Мы не успели опомниться от этого ошеломляющего известия, как к нам вошла пепиньерка и, вместо Верховской, повела нас в столовую, куда тотчас же явилась инспектриса.
Взволнованным голосом, не объясняя, в чем дело, "maman" произнесла одну только фразу:
— Надеюсь, дети, что об этом печальном событии вы не будете разговаривать ни между собой, ни со своими родственниками.
Очевидно, не зная, что к этому прибавить, она обвела нас растерянным взглядом и, прижав ладони к вискам, как она это обычно делала во время часто мучивших ее мигреней, вышла из комнаты.
— О чем нельзя разговаривать? Что такое произошло? — спрашивали институтки, не успевшие еще узнать новости.
— Как!? Вы этого не знаете? — закричала Тюфяева. — Ах вы, фокусницы, сквернавки! Вас из грязных закоулков и трущоб подобрали сюда из милости, холили, лелеяли, а вы… вот как отблагодарили своих благодетельниц! Извольте зарубить себе на носу, — продолжала она, захлебываясь от злости, — чтобы с этой минуты вы не смели и близко подходить к лазарету, а тем более — к комнате, где лежит эта тварь.

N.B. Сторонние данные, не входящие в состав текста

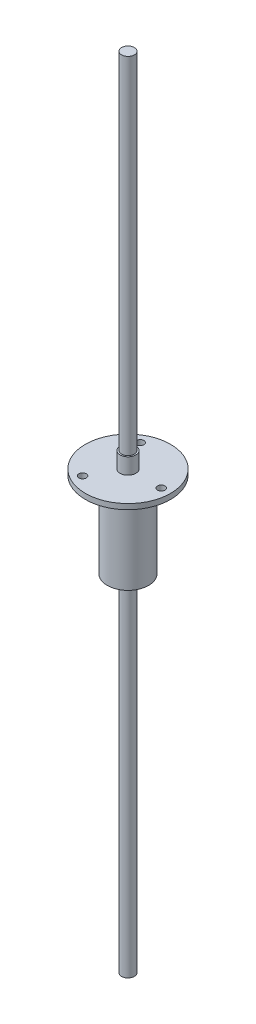
SolidWorks part; units mm, degrees
ref_plane "Front Plane" through (0, 0, 0) normal (0, 0, 1) x (1, 0, 0)
ref_plane "Top Plane" through (0, 0, 0) normal (0, 1, 0) x (1, 0, 0)
ref_plane "Right Plane" through (0, 0, 0) normal (1, 0, 0) x (0, 0, -1)
sketch "Sketch1" plane through (0, 0, 0) normal (1, 0, 0) x (0, 0, -1)
  line L0 (0, 23.9311) -> (0, -15.9842) construction
  line L1 (0, 20.05) -> (2.95, 20.05)
  line L2 (2.95, 20.05) -> (2.95, 14.05)
  line L3 (2.95, 14.05) -> (16, 14.05)
  line L4 (16, 14.05) -> (16, 12.05)
  line L5 (16, 12.05) -> (7.75, 12.05)
  line L6 (7.75, 12.05) -> (7.75, -20.05)
  line L7 (7.75, -20.05) -> (0, -20.05)
  line L8 (0, -20.05) -> (0, 20.05)
  dimension "D1" = 5.9
  dimension "D2" = 34.1
  dimension "D3" = 2
  dimension "D4" = 6
  dimension "D5" = 32
  dimension "D6" = 15.5
revolve "Revolve1" add sketch "Sketch1" angle 360 about L0
sketch "Sketch2" plane through (0, 14.05, 0) normal (0, 1, 0) x (1, 0, 0)
  circle A0 centre (0, 0) radius 12.5 construction
  circle A1 centre (12.5, 0) radius 1.4
  circle A2 centre (-6.25, -10.8253) radius 1.4
  circle A3 centre (-6.25, 10.8253) radius 1.4
  point P11 (0, 0)
  dimension "D1" = 3
  dimension "D2" = 25
  dimension "D3" = 2.8
extrude "Cut-Extrude1" cut sketch "Sketch2" against normal through all both
sketch "Sketch3" plane through (0, 0, 0) normal (0, 1, 0) x (1, 0, 0)
  circle A0 centre (0, 0) radius 2.4
  dimension "D1" = 4.8
extrude "Boss-Extrude1" add sketch "Sketch3" along normal mid plane 300
split "Split1" bodies to split 103 resulting bodies 104 105 split by face at (12.5, 14.05, 1.4)
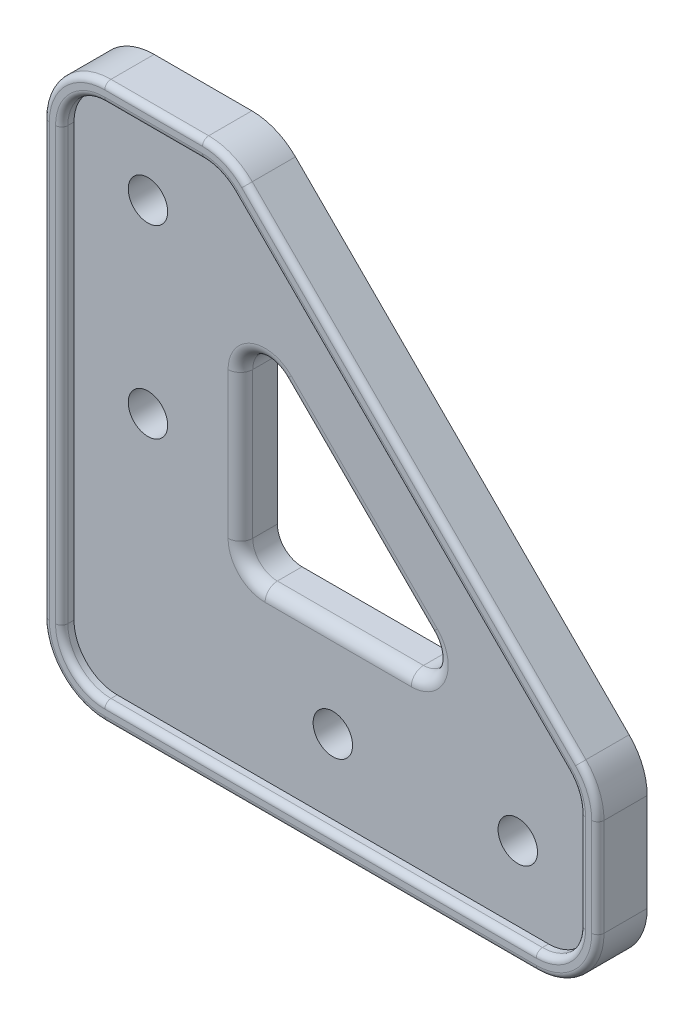
SolidWorks part; units mm, degrees
ref_plane "Front Plane" through (0, 0, 0) normal (0, 0, 1) x (1, 0, 0)
ref_plane "Top Plane" through (0, 0, 0) normal (0, 1, 0) x (1, 0, 0)
ref_plane "Right Plane" through (0, 0, 0) normal (1, 0, 0) x (0, 0, -1)
sketch "Sketch1" plane through (0, 0, 0) normal (0, 0, 1) x (1, 0, 0)
  line L0 (16.4645, 43.5355) -> (43.5355, 16.4645)
  line L1 (5, 0) -> (40, 0)
  line L2 (0, 5) -> (0, 40)
  line L3 (5, 45) -> (12.9289, 45)
  line L4 (45, 5) -> (45, 12.9289)
  arc A0 (0, 5) -> (5, 0) centre (5, 5) ccw
  arc A1 (45, 5) -> (40, 0) centre (40, 5) cw
  arc A2 (45, 12.9289) -> (43.5355, 16.4645) centre (40, 12.9289) ccw
  arc A3 (16.4645, 43.5355) -> (12.9289, 45) centre (12.9289, 40) ccw
  arc A4 (5, 45) -> (0, 40) centre (5, 40) ccw
  point P8 (0, 0)
  point P11 (45, 0)
  point P14 (45, 15)
  point P19 (0, 45)
  dimension "D4" = 5
  dimension "D1" = 45
  dimension "D2" = 45
  dimension "D3" = 15
extrude "Boss-Extrude1" add sketch "Sketch1" along normal blind 3
sketch "Sketch2" plane through (0, 0, 3) normal (0, 0, 1) x (1, 0, 0)
  line L0 (7.5, 7.5) -> (58.6399, 7.5) construction
  line L2 (55, 0) -> (-55, 0) construction
  line L4 (7.5, 40) -> (7.5, 5)
  line L5 (7.5, 40) -> (7.5, 7.5) construction
  circle A0 centre (7.5, 37.5) radius 1.6
  circle A2 centre (7.5, 22.5) radius 1.6
  circle A3 centre (22.5, 7.5) radius 1.6
  circle A4 centre (37.5, 7.5) radius 1.6
  dimension "D7" = 3.2
  dimension "D1" = 7.5
  dimension "D2" = 7.5
  dimension "D3" = 15
  dimension "D4" = 15
  dimension "D5" = 15
  dimension "D6" = 15
extrude "Cut-Extrude1" cut sketch "Sketch2" against normal through all
sketch "Sketch3" plane through (0, 0, 3) normal (0, 0, 1) x (1, 0, 0)
  line L5 (5, 1.5) -> (40, 1.5)
  line L6 (43.5, 5) -> (43.5, 12.9289)
  line L7 (42.4749, 15.4038) -> (15.4038, 42.4749)
  line L8 (12.9289, 43.5) -> (5, 43.5)
  line L9 (1.5, 40) -> (1.5, 5)
  line L10 (5, 0) -> (40, 0)
  line L11 (45, 5) -> (45, 12.9289)
  line L12 (43.5355, 16.4645) -> (16.4645, 43.5355)
  line L13 (12.9289, 45) -> (5, 45)
  line L14 (0, 40) -> (0, 5)
  line L15 (5, 0) -> (40, 0)
  line L16 (45, 5) -> (45, 12.9289)
  line L17 (43.5355, 16.4645) -> (16.4645, 43.5355)
  line L18 (12.9289, 45) -> (5, 45)
  line L19 (0, 40) -> (0, 5)
  arc A5 (40, 1.5) -> (43.5, 5) centre (40, 5) ccw
  arc A6 (43.5, 12.9289) -> (42.4749, 15.4038) centre (40, 12.9289) ccw
  arc A7 (15.4038, 42.4749) -> (12.9289, 43.5) centre (12.9289, 40) ccw
  arc A8 (5, 43.5) -> (1.5, 40) centre (5, 40) ccw
  arc A9 (1.5, 5) -> (5, 1.5) centre (5, 5) ccw
  arc A10 (0, 5) -> (5, 0) centre (5, 5) ccw
  arc A11 (40, 0) -> (45, 5) centre (40, 5) ccw
  arc A12 (45, 12.9289) -> (43.5355, 16.4645) centre (40, 12.9289) ccw
  arc A13 (16.4645, 43.5355) -> (12.9289, 45) centre (12.9289, 40) ccw
  arc A14 (5, 45) -> (0, 40) centre (5, 40) ccw
  arc A15 (0, 5) -> (5, 0) centre (5, 5) ccw
  arc A16 (40, 0) -> (45, 5) centre (40, 5) ccw
  arc A17 (45, 12.9289) -> (43.5355, 16.4645) centre (40, 12.9289) ccw
  arc A18 (16.4645, 43.5355) -> (12.9289, 45) centre (12.9289, 40) ccw
  arc A19 (5, 45) -> (0, 40) centre (5, 40) ccw
  dimension "D2" = 1.5
  dimension "D1" = 0
extrude "Boss-Extrude2" add sketch "Sketch3" along normal blind 1
fillet "Fillet1" radius 0.5 20 edges at (42.4749, 2.5251, 4) (43.5, 8.9645, 4) (43.2336, 14.2683, 4) (28.9393, 28.9393, 4) (14.2683, 43.2336, 4) (8.9645, 43.5, 4) (2.5251, 42.4749, 4) (1.5, 22.5, 4) (2.5251, 2.5251, 4) (22.5, 1.5, 4) (0, 22.5, 4) (1.4645, 43.5355, 4) (8.9645, 45, 4) (14.8423, 44.6194, 4) (30, 30, 4) (44.6194, 14.8423, 4) (45, 8.9645, 4) (43.5355, 1.4645, 4) (22.5, 0, 4) (1.4645, 1.4645, 4)
sketch "Sketch4" plane through (0, 0, 3) normal (0, 0, 1) x (1, 0, 0)
  line L0 (15, 28.8579) -> (15, 17)
  line L1 (17, 15) -> (28.8579, 15)
  line L2 (18.4142, 30.2721) -> (30.2721, 18.4142)
  line L3 (-702.1068, -702.1068) -> (34653.2323, 34653.2323) construction
  line L5 (40, 0) -> (5, 0) construction
  line L6 (16.4645, 43.5355) -> (43.5355, 16.4645) construction
  line L8 (0, 40) -> (0, 5) construction
  line L9 (16.4645, 43.5355) -> (43.5355, 16.4645) construction
  arc A0 (17, 15) -> (15, 17) centre (17, 17) cw
  arc A1 (18.4142, 30.2721) -> (15, 28.8579) centre (17, 28.8579) ccw
  arc A2 (30.2721, 18.4142) -> (28.8579, 15) centre (28.8579, 17) cw
  point P14 (15, 15)
  point P17 (15, 33.6863)
  point P20 (33.6863, 15)
  dimension "D5" = 2
  dimension "D6" = 2
  dimension "D7" = 2
  dimension "D1" = 8
  dimension "D2" = 15
  dimension "D3" = 15
  dimension "D4" = 8
extrude "Cut-Extrude2" cut sketch "Sketch4" against normal through all
fillet "Fillet2" radius 1 6 edges at (15.5858, 15.5858, 3) (22.9289, 15, 3) (30.7056, 16.2346, 3) (24.3431, 24.3431, 3) (16.2346, 30.7056, 3) (15, 22.9289, 3)

Несмотря на строгое запрещение разговаривать между собой о небывалом еще у нас событии, мы только и говорили о нем. Все "отчаянные", и старшие и младшие, пускались на самые рискованные поступки, чтобы узнать какие-нибудь подробности об этом деле. Прячась за углами и колоннами, они подсматривали и подслушивали у дверей лазарета, наблюдали, кто в него входил, и по нескольку раз в день передавали новости друг другу. Таким образом история бедной Фанни скоро нам стала известна во всех подробностях.
Как только швейцар поймал Фанни, ее уложили в постель. Она вся дрожала, как в лихорадке. К ее кровати подходили то инспектриса, то мадемуазель Верховская, то начальница, даже мадемуазель Тюфяева, которая считала долгом совать свой нос во все дела, забегала в лазарет. Когда Фанни увидала Тюфяеву, которую она ненавидела всей душой, она вскрикнула и потеряла сознание. Леонтьева приказала позвать врача и привести ее в чувство. Но тут в комнату вошли уже извещенные о событии дядя девочки и ее мать, которая рыдая бросилась на колени перед постелью дочери.